*** Data under study ***
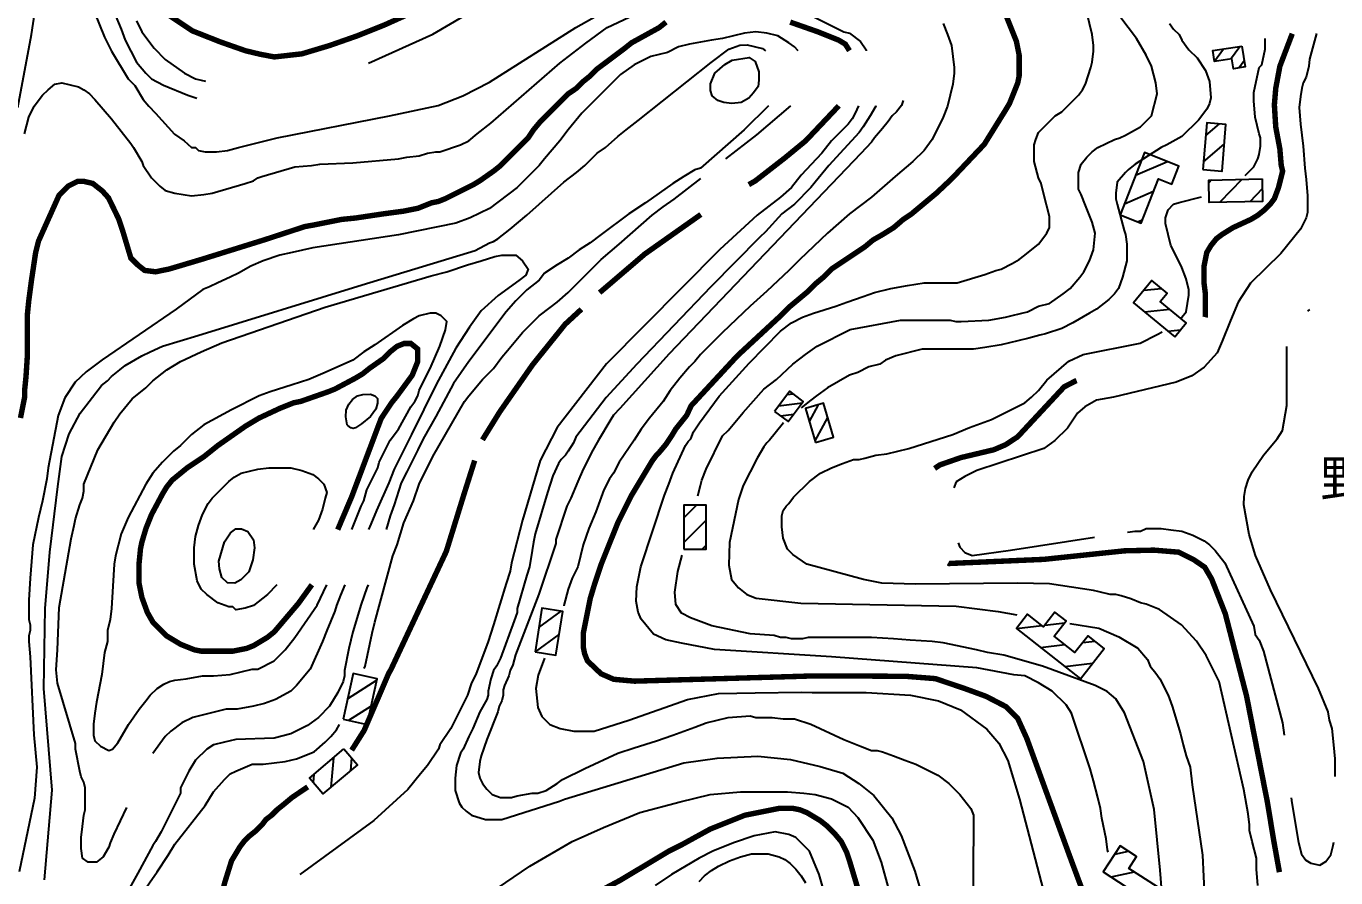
# Model space of a CAD drawing. Extents: x 35515948 to 35520624, y 3302916 to 3308279.
# Drawn here: x 35517389 to 35517992, y 3304804 to 3305196 of the extents above; entities that cross this region are included whole.
import ezdxf

# ---------------------------------------------------------------- set-up
doc = ezdxf.new("R2010")
doc.units = 0
doc.header["$LTSCALE"] = 10000
doc.header["$MEASUREMENT"] = 0
for name, color, linetype in [('2113', 7, 'CONTINUOUS'), ('8111', 34, 'CONTINUOUS'), ('8112', 34, 'CONTINUOUS')]:
    doc.layers.add(name, color=color, linetype=linetype)
doc.styles.add('仿宋体', font='')
doc.styles.get('仿宋体').set_extended_font_data('文鼎CS仿宋体')

msp = doc.modelspace()

# ---------------------------------------------------------------- linework, layer by layer
at = {"layer": '2113', "linetype": 'Continuous', "ltscale": 0.005}
for p, q in [((35517936.3, 3305179.5), (35517940.44, 3305185.16)), ((35517943.74, 3305180.48), (35517948.01, 3305186.33)), ((35517947.47, 3305176.42), (35517949.96, 3305179.82)), ((35517932.28, 3305145.38), (35517938.58, 3305150.69)), ((35517931.25, 3305133.18), (35517940.84, 3305141.28)), ((35517914.71, 3305133.26), (35517900, 3305126.86)), ((35517934.94, 3305124.84), (35517933.71, 3305123.55)), ((35517948.83, 3305125.11), (35517938.71, 3305114.58)), ((35517939.59, 3305128.89), (35517939.81, 3305129.08)), ((35517908.31, 3305119.57), (35517894.82, 3305113.7)), ((35517916.74, 3305123.24), (35517916.28, 3305123.04)), ((35517958.32, 3305120.81), (35517952.59, 3305114.85)), ((35517903.13, 3305106.41), (35517901.15, 3305105.55)), ((35517903.74, 3305074.08), (35517911.88, 3305074.86)), ((35517904.02, 3305064.2), (35517915.7, 3305065.31)), ((35517914.77, 3305055.31), (35517920.68, 3305055.87)), ((35517735.67, 3305020.81), (35517746.6, 3305022.32)), ((35517739.63, 3305026.05), (35517742.29, 3305026.42)), ((35517749.85, 3305013.66), (35517754.07, 3305021.39)), ((35517736.49, 3305016.23), (35517742.63, 3305017.08)), ((35517752.44, 3305004.8), (35517758.29, 3305015.48)), ((35517760.72, 3305006.32), (35517760.89, 3305006.62)), ((35517691.98, 3304969.38), (35517697.81, 3304975.21)), ((35517691.98, 3304957.89), (35517702.37, 3304968.28)), ((35517700.48, 3304954.91), (35517702.37, 3304956.8)), ((35517625.3, 3304918.79), (35517635.56, 3304926.29)), ((35517845.16, 3304918.34), (35517856.88, 3304919.75)), ((35517858.14, 3304919.9), (35517867.41, 3304921.01)), ((35517623.74, 3304907.6), (35517634.64, 3304915.56)), ((35517856.28, 3304909.6), (35517867.46, 3304910.95)), ((35517875.66, 3304911.93), (35517881.26, 3304912.61)), ((35517867.41, 3304900.87), (35517880.21, 3304902.41)), ((35517537.27, 3304886), (35517550.8, 3304894.67)), ((35517537.78, 3304876.11), (35517548.2, 3304882.79)), ((35517530.69, 3304858.81), (35517529.53, 3304845.33)), ((35517539.05, 3304858.82), (35517538.55, 3304852.92)), ((35517521.67, 3304851.22), (35517521.35, 3304847.49)), ((35517890.43, 3304814.5), (35517896.72, 3304815.84)), ((35517888.7, 3304804.04), (35517899.42, 3304806.32))]:
    msp.add_line(p, q, dxfattribs=at)
for points in [[(35517948.92, 3305186.48), (35517950.41, 3305176.88), (35517945.02, 3305176.04), (35517944.32, 3305180.58), (35517936.33, 3305179.33), (35517935.54, 3305184.4)], [(35517930.95, 3305129.62), (35517939.79, 3305128.88), (35517941.61, 3305150.44), (35517932.77, 3305151.18)], [(35517892.89, 3305108.79), (35517902.57, 3305104.99), (35517910.56, 3305125.29), (35517916.61, 3305122.91), (35517919.88, 3305131.23), (35517904.15, 3305137.42)], [(35517958.23, 3305125.29), (35517958.43, 3305114.97), (35517933.88, 3305114.49), (35517933.68, 3305124.82)], [(35517918.01, 3305052.63), (35517923.29, 3305059.03), (35517911.34, 3305068.92), (35517914.48, 3305072.71), (35517907.42, 3305078.54), (35517899, 3305068.35)], [(35517733.77, 3305018.3), (35517739.99, 3305013.59), (35517747, 3305022.85), (35517740.78, 3305027.56)], [(35517752.69, 3305003.96), (35517760.95, 3305006.39), (35517756.37, 3305022.06), (35517748.1, 3305019.64)], [(35517691.98, 3304954.91), (35517702.37, 3304954.91), (35517702.37, 3304975.21), (35517691.98, 3304975.21)], [(35517623.57, 3304907.62), (35517633.17, 3304906.13), (35517636.29, 3304926.18), (35517626.68, 3304927.67)], [(35517874.58, 3304895.24), (35517885.56, 3304909.23), (35517878.13, 3304915.07), (35517872.05, 3304907.34), (35517862.54, 3304914.81), (35517868.08, 3304921.86), (35517862.88, 3304925.94), (35517857.59, 3304919.19), (35517850.29, 3304924.92), (35517845.13, 3304918.36)], [(35517535.23, 3304876.66), (35517546.33, 3304874.24), (35517550.92, 3304895.24), (35517539.82, 3304897.66)], [(35517535.58, 3304862.94), (35517541.75, 3304855.62), (35517525.81, 3304842.19), (35517519.65, 3304849.51)], [(35517905.84, 3304792.92), (35517910.06, 3304799.43), (35517896.92, 3304807.95), (35517900.46, 3304813.41), (35517892.9, 3304818.31), (35517885.14, 3304806.34)]]:
    msp.add_lwpolyline(points, close=True, dxfattribs=at)
at = {"layer": '8111', "linetype": 'Continuous', "ltscale": 0.005}
for points, elevation in [([(35517385.48, 3305158.18), (35517391.78, 3305191.88), (35517394.62, 3305211.09)], 440), ([(35517416.5, 3305212.75), (35517425.39, 3305190.52), (35517428.57, 3305184.17), (35517436.19, 3305171.47), (35517439.36, 3305168.3), (35517443.17, 3305161.95), (35517445.71, 3305158.77), (35517448.89, 3305155.6), (35517457.62, 3305145.98), (35517462.08, 3305142.91), (35517465.4, 3305139.72), (35517467.3, 3305139.72), (35517468.57, 3305138.45), (35517471.75, 3305137.82), (35517476.83, 3305137.82), (35517481.91, 3305138.45), (35517486.99, 3305139.72), (35517504.77, 3305144.17), (35517556.49, 3305154.39), (35517578.88, 3305159.12), (35517590.22, 3305163.53), (35517602.52, 3305169.83), (35517642.24, 3305195.02), (35517665.56, 3305208.25)], 440), ([(35517546.8, 3305178.62), (35517576.45, 3305191.99), (35517609.84, 3305211.6)], 430), ([(35517745.44, 3305203.22), (35517765.76, 3305193.06), (35517768.3, 3305192.43), (35517773.38, 3305188.62), (35517775.94, 3305184.67), (35517776.01, 3305184.35)], 445), ([(35517388.56, 3305146.07), (35517390.47, 3305153.69), (35517393.01, 3305158.77), (35517396.82, 3305163.85), (35517399.36, 3305166.39), (35517402.53, 3305168.93), (35517405.71, 3305169.57), (35517413.33, 3305167.66), (35517415.87, 3305166.39), (35517418.41, 3305164.49), (35517420.95, 3305161.95), (35517428.57, 3305153.06), (35517437.46, 3305141.63), (35517438.73, 3305139.72), (35517442.54, 3305133.37), (35517443.17, 3305131.47), (35517446.98, 3305125.75), (35517450.79, 3305121.94), (35517453.33, 3305120.04), (35517457.78, 3305118.77), (35517465.4, 3305117.5), (35517471.11, 3305118.13), (35517474.92, 3305118.77), (35517490.16, 3305123.21), (35517493.97, 3305124.48), (35517495.88, 3305125.75), (35517497.78, 3305126.39), (35517513.02, 3305130.83), (35517520.65, 3305131.47), (35517524.45, 3305132.1), (35517539.7, 3305132.74), (35517560.65, 3305134.64), (35517564.46, 3305135.28), (35517570.17, 3305135.91), (35517573.98, 3305137.18), (35517577.8, 3305137.82), (35517579.7, 3305137.82), (35517589.23, 3305140.99), (35517593.03, 3305142.9), (35517596.84, 3305146.07), (35517603.15, 3305150.93), (35517634.99, 3305178.65), (35517646.96, 3305187.78), (35517656.74, 3305195.02), (35517666.82, 3305199.75)], 445), ([(35517429.84, 3305201.95), (35517433.01, 3305194.33), (35517434.92, 3305189.25), (35517440, 3305179.09), (35517444.44, 3305174.01), (35517446.98, 3305171.47), (35517452.54, 3305168.46), (35517463.77, 3305163.9), (35517467.79, 3305162.48)], 435), ([(35517440, 3305198.14), (35517442.54, 3305193.06), (35517448.25, 3305185.44), (35517453.33, 3305180.36), (35517462.22, 3305174.01), (35517467.3, 3305171.47), (35517469.84, 3305170.84), (35517471.86, 3305170.25)], 430), ([(35517811.48, 3305196.87), (35517813.38, 3305191.79), (35517815.28, 3305186.71), (35517815.92, 3305181.63), (35517816.55, 3305176.55), (35517816.55, 3305174.01), (35517815.92, 3305168.93), (35517813.38, 3305158.77), (35517811.48, 3305153.69), (35517806.4, 3305143.53), (35517802.59, 3305138.45), (35517797.51, 3305133.37), (35517789.25, 3305126.39), (35517778.45, 3305116.86), (35517773.38, 3305113.05), (35517768.3, 3305109.24), (35517763.22, 3305104.8), (35517758.13, 3305100.35), (35517745.44, 3305088.29), (35517740.35, 3305083.21), (35517730.2, 3305073.68), (35517722.58, 3305066.7), (35517709.88, 3305054.63), (35517704.8, 3305049.55), (35517699.72, 3305044.47), (35517697.17, 3305041.3), (35517694.63, 3305038.76), (35517690.19, 3305033.68), (35517685.74, 3305027.96), (35517682.57, 3305022.88), (35517676.22, 3305015.26), (35517672.41, 3305010.18), (35517669.23, 3305005.1), (35517662.25, 3304994.94), (35517659.71, 3304989.86), (35517657.8, 3304987.32), (35517655.27, 3304982.24), (35517653.36, 3304977.16), (35517651.45, 3304972.08), (35517648.28, 3304964.46), (35517645.74, 3304956.84), (35517643.2, 3304946.68), (35517640.66, 3304941.6), (35517638.76, 3304936.52), (35517636.85, 3304928.9), (35517636.83, 3304928.86)], 430), ([(35517887.3, 3304815.41), (35517887.04, 3304816.51), (35517886.41, 3304821.59), (35517884.5, 3304831.11), (35517883.87, 3304835.56), (35517882.59, 3304840.64), (35517880.69, 3304848.26), (35517879.08, 3304853.74), (35517870.53, 3304879.37), (35517867.99, 3304883.18), (35517861.64, 3304889.53), (35517855.29, 3304893.34), (35517848.94, 3304896.52), (35517843.93, 3304897.11), (35517826.9, 3304900.26), (35517760.07, 3304905.3), (35517706.16, 3304908.76), (35517691.03, 3304911.6), (35517683.77, 3304913.17), (35517678.1, 3304915.69), (35517672.42, 3304922.62), (35517671, 3304925.82), (35517670.16, 3304930.91), (35517670.47, 3304937.59), (35517672.17, 3304946.81), (35517683.2, 3304979.7), (35517685.11, 3304984.78), (35517687.02, 3304989.86), (35517692.73, 3305002.56), (35517694, 3305004.47), (35517695.27, 3305005.74), (35517696.54, 3305008.91), (35517699.3, 3305013.06), (35517708.31, 3305025.36), (35517722.09, 3305040.52), (35517736.55, 3305055.27), (35517741.62, 3305059.08), (35517746.7, 3305061.62), (35517751.78, 3305063.52), (35517761.95, 3305066.7), (35517767.02, 3305068.6), (35517774.65, 3305071.14), (35517779.73, 3305073.05), (35517787.34, 3305074.95), (35517794.97, 3305076.22), (35517802.59, 3305077.49), (35517817.83, 3305077.49), (35517830.52, 3305081.3), (35517835.6, 3305083.21), (35517838.15, 3305083.84), (35517843.23, 3305086.38), (35517846.4, 3305088.29), (35517848.94, 3305090.19), (35517855.29, 3305095.27), (35517859.1, 3305100.35), (35517860.37, 3305102.89), (35517860.37, 3305107.97), (35517857.83, 3305118.13), (35517856.56, 3305123.21), (35517855.29, 3305125.75), (35517853.38, 3305133.37), (35517853.38, 3305140.99), (35517854.02, 3305143.53), (35517855.29, 3305146.71), (35517862.91, 3305154.33), (35517866.09, 3305156.23), (35517873.7, 3305163.85), (35517875.61, 3305166.39), (35517876.88, 3305168.93), (35517879.42, 3305176.55), (35517880.05, 3305179.09), (35517880.69, 3305184.17), (35517880.69, 3305186.71), (35517880.05, 3305191.79), (35517877.52, 3305201.95)], 420), ([(35517698.48, 3304979.5), (35517699.72, 3304984.15), (35517700.35, 3304986.69), (35517702.26, 3304991.77), (35517709.88, 3305007.01), (35517712.41, 3305009.55), (35517719.4, 3305017.8), (35517728.92, 3305028.6), (35517734.64, 3305033.04), (35517742.26, 3305040.03), (35517745.44, 3305042.57), (35517747.98, 3305044.47), (35517753.47, 3305048.36), (35517768.63, 3305055.99), (35517791.79, 3305060.35), (35517809.57, 3305060.35), (35517814.65, 3305060.35), (35517817.19, 3305059.71), (35517819.73, 3305059.71), (35517832.43, 3305060.35), (35517840.05, 3305061.62), (35517842.59, 3305062.25), (35517847.67, 3305063.52), (35517850.21, 3305064.16), (35517855.29, 3305066.7), (35517860.37, 3305067.97), (35517866.72, 3305072.41), (35517869.9, 3305074.95), (35517874.34, 3305080.03), (35517876.24, 3305082.57), (35517878.78, 3305087.65), (35517880.69, 3305092.73), (35517881.33, 3305100.35), (35517880.05, 3305105.43), (35517876.88, 3305113.05), (35517874.98, 3305118.13), (35517873.7, 3305120.67), (35517873.7, 3305128.29), (35517874.98, 3305132.1), (35517877.52, 3305135.28), (35517880.05, 3305137.82), (35517882.59, 3305139.72), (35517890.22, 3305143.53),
*** End of Data under study ***
Task objective: Whenever the word "name" occurs in a line above, copy that line.

Written solution:
for name, color, linetype in [('2113', 7, 'CONTINUOUS'), ('8111', 34, 'CONTINUOUS'), ('8112', 34, 'CONTINUOUS')]:
    doc.layers.add(name, color=color, linetype=linetype)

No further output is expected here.